INSTRUCTIONS TO FOLLOW
Say how many lines in the entries contain "constraints", giving only the number.

SUPPLIED MATERIAL
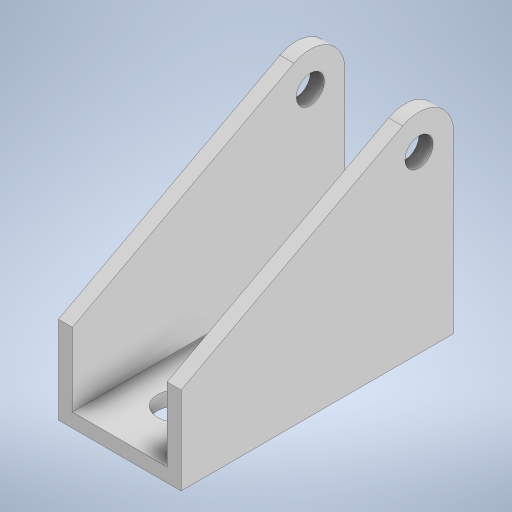
# Autodesk Inventor part: 높이액추브라켓
Saved by Autodesk Inventor 2024 (Build 280153000, 153)
## iProperties
Created: 2024-04-12
Part Number: 높이액추브라켓
Material: 일반
Document SubType Name: Modeling
Designer: kkamin5
Density: 1 g/cm^3
Appearance: 기본값
Author: kkamin5
Autodesk Inventor part; units mm, degrees
ref_plane "YZ Plane" through (0, 0, 0) normal (1, 0, 0) x (0, 1, 0)
ref_plane "XZ Plane" through (0, 0, 0) normal (0, 1, 0) x (-1, 0, 0)
ref_plane "XY Plane" through (0, 0, 0) normal (0, 0, 1) x (1, 0, 0)
sketch "스케치1" plane through (0, 0, 0) normal (1, 0, 0) x (0, 1, 0)
  line L0 (0, 0) -> (0, 58.2)
  line L1 (0, 58.2) -> (18.65, 58.2)
  line L2 (0, 0) -> (37.3, 0)
  circle A0 centre (37.3, 7.4) radius 7.4
  circle A1 centre (37.3, 7.4) radius 3
  line L3 (18.65, 58.2) -> (43.8327, 10.8763)
  dimension "d3" = 14.8
  dimension "d0" = 58.2
  dimension "d1" = 37.3
  dimension "d2" = 18.65
  dimension "d4" = 0
  dimension "d5" = 6
  constraints: 8 end point, 3 horizontal, 1 centre point, 1 coincident, 1 vertical, 4 other
  measures "d0" distance of L0.start L0.end
  measures "d1" distance of L0.start L2.end
  measures "d2" distance of L0.end L1.end
  measures "d4" horizontal distance of point (37.3, 7.4) L2.end
  measures "d5" diameter of A1
extrude "돌출1" add sketch "스케치1" along normal mid plane 26.2
sketch "스케치2" plane through (-13.1, 0, 58.2) normal (0, 0, 1) x (1, 0, 0)
  line L0 (3, 3) -> (23.2, 3)
  line L1 (23.2, 3) -> (23.2, 55.8283)
  line L2 (23.2, 55.8283) -> (3, 55.8283)
  line L3 (3, 55.8283) -> (3, 3)
  line L4 (26.2, 43.8327) -> (26.2, 18.65) projected
  line L5 (26.2, 0) -> (0, 0) projected
  line L6 (0, 18.65) -> (0, 43.8327) projected
  point P0 (13.1, 0)
  dimension "d8" = 3
  dimension "d9" = 3
  dimension "d10" = 3
  constraints: 8 end point, 2 parallel, 1 horizontal, 1 perpendicular
  measures "d8" distance between parallel lines of L4 L1
  measures "d9" distance between parallel lines of L5 L0
  measures "d10" distance between parallel lines of L6 L3
extrude "돌출2" cut sketch "스케치2" against normal through all
sketch "스케치3" plane through (-10.1, 3, 58.2) normal (0, 1, 0) x (1, 0, 0)
  circle A0 centre (10.1, 48.6) radius 4.5
  line L0 (0, 58.2) -> (20.2, 58.2) projected
  line L1 (14.6, 58.2) -> (5.6, 58.2)
  line L2 (5.6, 58.2) -> (5.6, 48.6)
  line L3 (5.6, 48.6) -> (14.6, 48.6)
  line L4 (14.6, 48.6) -> (14.6, 58.2)
  circle A1 centre (10.1, 12.3112) radius 4.25
  point P0 (10.1, 58.2)
  point P1 (10.1, 58.2)
  point P2 (10.1, 48.6)
  point P3 (10.1, 58.2)
  point P4 (14.6, 48.6)
  dimension "d13" = 9
  dimension "d14" = 9
  dimension "d15" = 9.6
  dimension "d16" = 0
  dimension "d17" = 8.5
  dimension "d18" = 0
  constraints: 8 end point, 4 midpoint, 2 parallel, 1 centre point, 1 horizontal, 1 perpendicular, 1 point on line, 3 other
  measures "d14" distance of L2.end L3.end
  measures "d15" distance of L3.end L1.start
  measures "d16" horizontal distance of point (10.1, 58.2) point (10.1, 48.6)
  measures "d17" diameter of A1
  measures "d18" horizontal distance of A1.centre point (10.1, 58.2)
extrude "돌출3" cut sketch "스케치3" against normal through all
equation "\"d2\" = 0.5 * d1"

ANSWER FOR THE TASK
3